What does it mean to enjoy? What does it mean to delight? In a world so blackened by hate and apathy and violence, is it selfish or indulgent to say God wants us to enjoy? Is it wrong or sinful to say God wants us to delight?
But in what does God desire us to delight? Does he desire us to delight in worldly pleasures and pursuits, or does he simply desire us to delight in him? His presence is woven all throughout our humanity and if we take a step back, if we are open, we get to see it. We get to enjoy it.
Maybe it’s the cool mountain air. Maybe it’s the way the critters sound at night. Maybe it’s the way the sun shines in through a window, or the way your coffee tastes first thing in the morning. Maybe it’s the people you’re with, the way they are so exquisite and complex.
I’ve found that my biggest hindrance to delight is expectation. What I feel God expects of me, what I expect of others, and more harshly, what I expect of myself.
Do I delight in who I am or do I strain to be what I think I’m not?
I ponder today–the unmerited grace of God cultivates breathing room for delight.
Because here I am not worried if I am too fat, too loud, too unapproachable.
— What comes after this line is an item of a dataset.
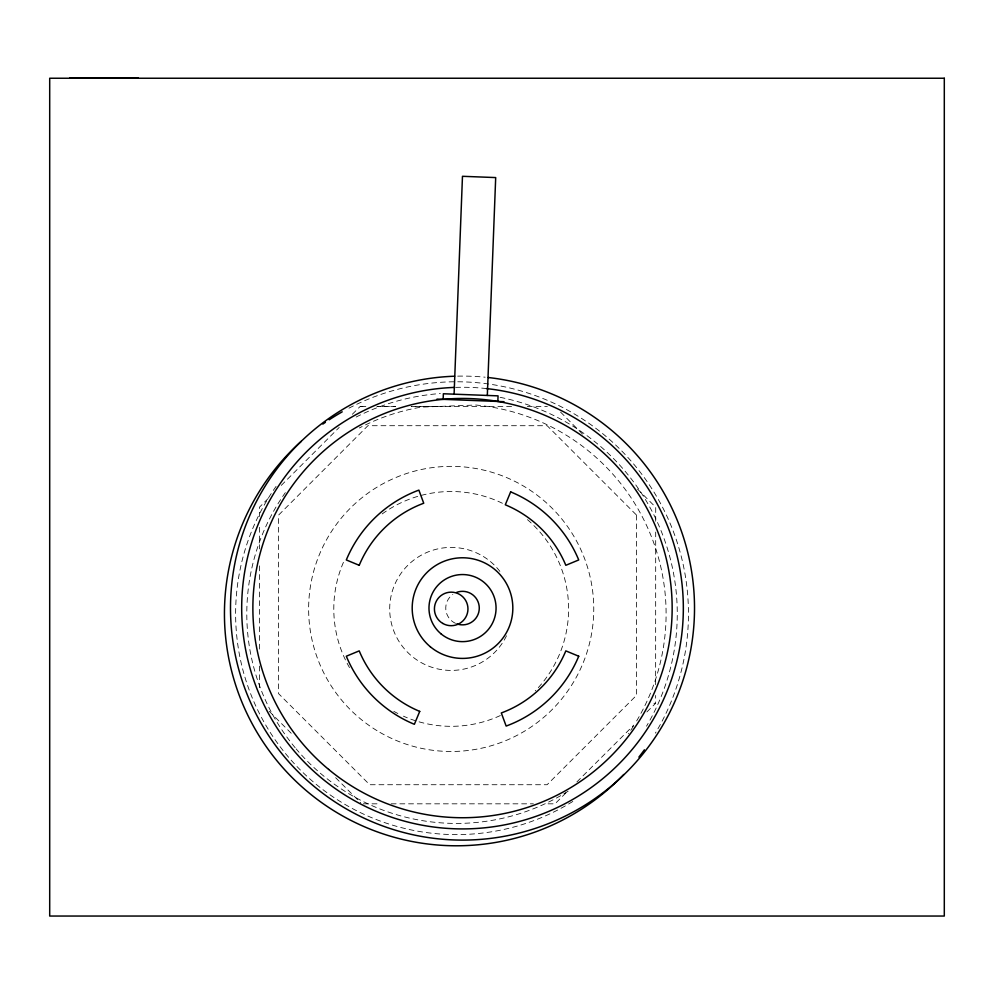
<?xml version="1.0" encoding="UTF-8"?>
<svg xmlns="http://www.w3.org/2000/svg" width="994" height="994" viewBox="0 0 994 994"><rect width="100%" height="100%" fill="white"/><g stroke="black" fill="none" stroke-linecap="round" stroke-linejoin="round"><path stroke-width="0.75" stroke-dasharray="4.97 3.73" d="M646.895 711.94L655.642 703.292L655.642 695.452M655.642 684.68L655.692 532.076M655.692 521.229L655.717 507.275L636.011 487.582M268.144 498.516L259.384 507.275L259.397 516.52M281.265 485.395L339.215 427.408M352.336 414.274L359.99 406.621L366.202 406.608L359.99 406.621M565.946 792.901L555 803.823L545.731 803.823M576.88 781.943L633.762 725.148M437.546 406.596L411.181 406.596L513.401 406.608M527.305 406.621L547.371 406.621M653.953 703.292L655.642 703.292M363.319 803.823L380.329 803.823M391.151 803.823L533.356 803.823M560.554 412.088L583.528 435.074M269.237 711.306L293.193 735.249M335.649 777.706L360.685 802.73M259.397 527.317L259.397 548.899M259.409 565.859L259.434 649.107M259.434 666.055L259.434 687.637M527.466 519.663A117.404 117.404 0 0 1 535.281 690.855M500.367 715.531A117.404 117.404 0 0 1 403.427 716.165M397.861 713.506A117.404 117.404 0 0 1 393.81 711.344M349.515 667.62A117.404 117.404 0 0 1 343.949 561.15M382.193 513.923A117.404 117.404 0 0 1 503.15 503.635M506.505 635.8A61.491 61.491 0 0 1 415.504 658.997A61.491 61.491 0 0 1 407.714 565.424A61.491 61.491 0 0 1 501.287 573.252M455.513 623.337A16.774 16.774 0 0 1 452.829 594.412M455.637 387.374A220.83 220.83 0 0 1 486.314 388.555M457.675 376.142A232.012 232.012 0 0 1 485.134 377.198M636.657 720.911A209.647 209.647 0 0 0 475.815 405.03L421.121 407.13A209.647 209.647 0 0 0 359.319 427.992M633.451 726.117A209.647 209.647 0 0 1 628.407 733.684M568.158 791.174A209.647 209.647 0 0 1 296.113 748.855M295.143 747.699A209.647 209.647 0 0 1 285.34 492.639M500.119 397.314A220.83 220.83 0 0 1 646.51 726.192M572.83 801.45A220.83 220.83 0 0 1 277.326 484.625M356.15 417.045A220.83 220.83 0 0 1 440.317 393.537M348.944 408.174A232.012 232.012 0 0 1 655.394 733.137M636.607 515.165L636.545 695.291L547.098 784.726L369.693 784.726L278.531 693.601L278.494 515.178L367.904 425.705L547.172 425.718L636.607 515.165M395.674 406.608L377.049 406.608L395.674 406.608M379.907 732.379A142.564 142.564 0 0 0 593.753 608.924A142.564 142.564 0 0 0 379.907 485.457A142.564 142.564 0 0 0 379.907 732.379"/><path stroke-width="1.49" d="M443.15 399.339L443.361 393.761L498.056 395.861L497.845 401.452M454.096 394.171L462.471 176.298L495.695 177.578L487.321 395.45M69.816 77.954L138.29 77.954M436.975 399.103L504.008 401.688M486.314 388.555A220.83 220.83 0 0 1 646.883 729.633A220.83 220.83 0 0 1 270.12 716.488A220.83 220.83 0 0 1 454.084 387.424M488.203 377.509A232.012 232.012 0 0 1 655.791 736.43A232.012 232.012 0 0 1 259.956 721.234A232.012 232.012 0 0 1 454.606 376.217M456.693 592.362A16.774 16.774 0 0 1 479.282 608.005A16.774 16.774 0 0 1 456.855 623.884M644.398 749.811A232.012 232.012 0 0 1 638.894 757.105M623.797 774.475A232.012 232.012 0 0 1 289.788 775.183A232.012 232.012 0 0 1 301.194 441.373M322.851 424.09A232.012 232.012 0 0 1 325.386 422.338M329.2 419.779A232.012 232.012 0 0 1 342.209 411.839M419.729 711.393L414.374 724.303A125.791 125.791 0 0 1 346.31 656.226L359.219 650.884A111.813 111.813 0 0 0 419.729 711.393M510.655 491.881L505.3 504.79A111.813 111.813 0 0 1 565.822 565.3L578.732 559.957A125.791 125.791 0 0 0 510.655 491.881M944.3 78.24L49.7 78.24L49.7 916.046L944.3 916.046L944.3 78.24M359.219 565.3L346.31 559.957A125.791 125.791 0 0 1 418.872 490.117L423.73 503.225A111.813 111.813 0 0 0 359.219 565.3M578.732 656.226L565.822 650.884A111.813 111.813 0 0 1 501.311 712.959L506.157 726.067A125.791 125.791 0 0 0 578.732 656.226M442.802 623.449A16.774 16.774 0 0 0 467.963 608.924A16.774 16.774 0 0 0 442.802 594.4A16.774 16.774 0 0 0 442.802 623.449M328.604 769.393A209.647 209.647 0 0 0 669.161 643.416A209.647 209.647 0 0 0 389.785 411.466A209.647 209.647 0 0 0 328.604 769.393M430.377 646.808A50.309 50.309 0 0 0 512.109 616.566A50.309 50.309 0 0 0 445.063 560.902A50.309 50.309 0 0 0 430.377 646.808M441.087 633.899A33.547 33.547 0 0 0 495.584 613.745A33.547 33.547 0 0 0 450.878 576.632A33.547 33.547 0 0 0 441.087 633.899"/></g></svg>

Here I am not worried if I am doing all the right things, if I’m pleasing God. Here I rest in who he has designed me to be and that rest begets delight.
Here I am not worried about what they look like or sound like or talk like, here I am not worried that their stories are much different from mine. Here I worry not that they don’t see the world the way I do; here I am in awe of the way they see it. Here I am not preoccupied with wondering if they’re good enough or if they love God enough. Here I get to see the unfolding story of their essence and I smile at it. Beaming from the inside out because they are wonderful and incredible and there is no expectation. They are released from my petty expectations of what a human should be and they are freed from the limiting beliefs of what a Christian should do. They are free, I am free, and I am delighted.
It is for freedom that Christ has set us free. And in freedom we delight.
I get to enjoy my Jesus in all things because I know that in all things, my Jesus enjoys me.
Maybe this is a prayer of delight, or maybe it is a prayer of release. Perhaps it is both.
Lord, here is my prayer of delight.
Today and every day, I walk freely in the grace you have given me. I am free to be who you have created me to be, and I am free to celebrate who you have created them to be.
I am not worried about being liked, I am not worried. I am too full of reverent awe of you and your creation that there is simply no room to harbor anything else. Inside me blooms a great delight for who you are and what you’ve created, and it pushes all jealously and insecurity to the edges of me. The more I soak in your goodness, the more I am saturated, and this petty inadequacy has no choice but to flee.
And Lord for them. For the unwinding pages of them. For the endless hues of them. I pray delight. I pray release. I pray freedom and grace and ease. May they too see what I see, see what you see. May they recognize that they are fully known and fully loved in every single moment of their lives whether they’re “getting it” or not. I pray they come to believe in the story you’re crafting in them and around them, and may the rest in the beauty of who they are.
My sweet Jesus. You are my greatest delight.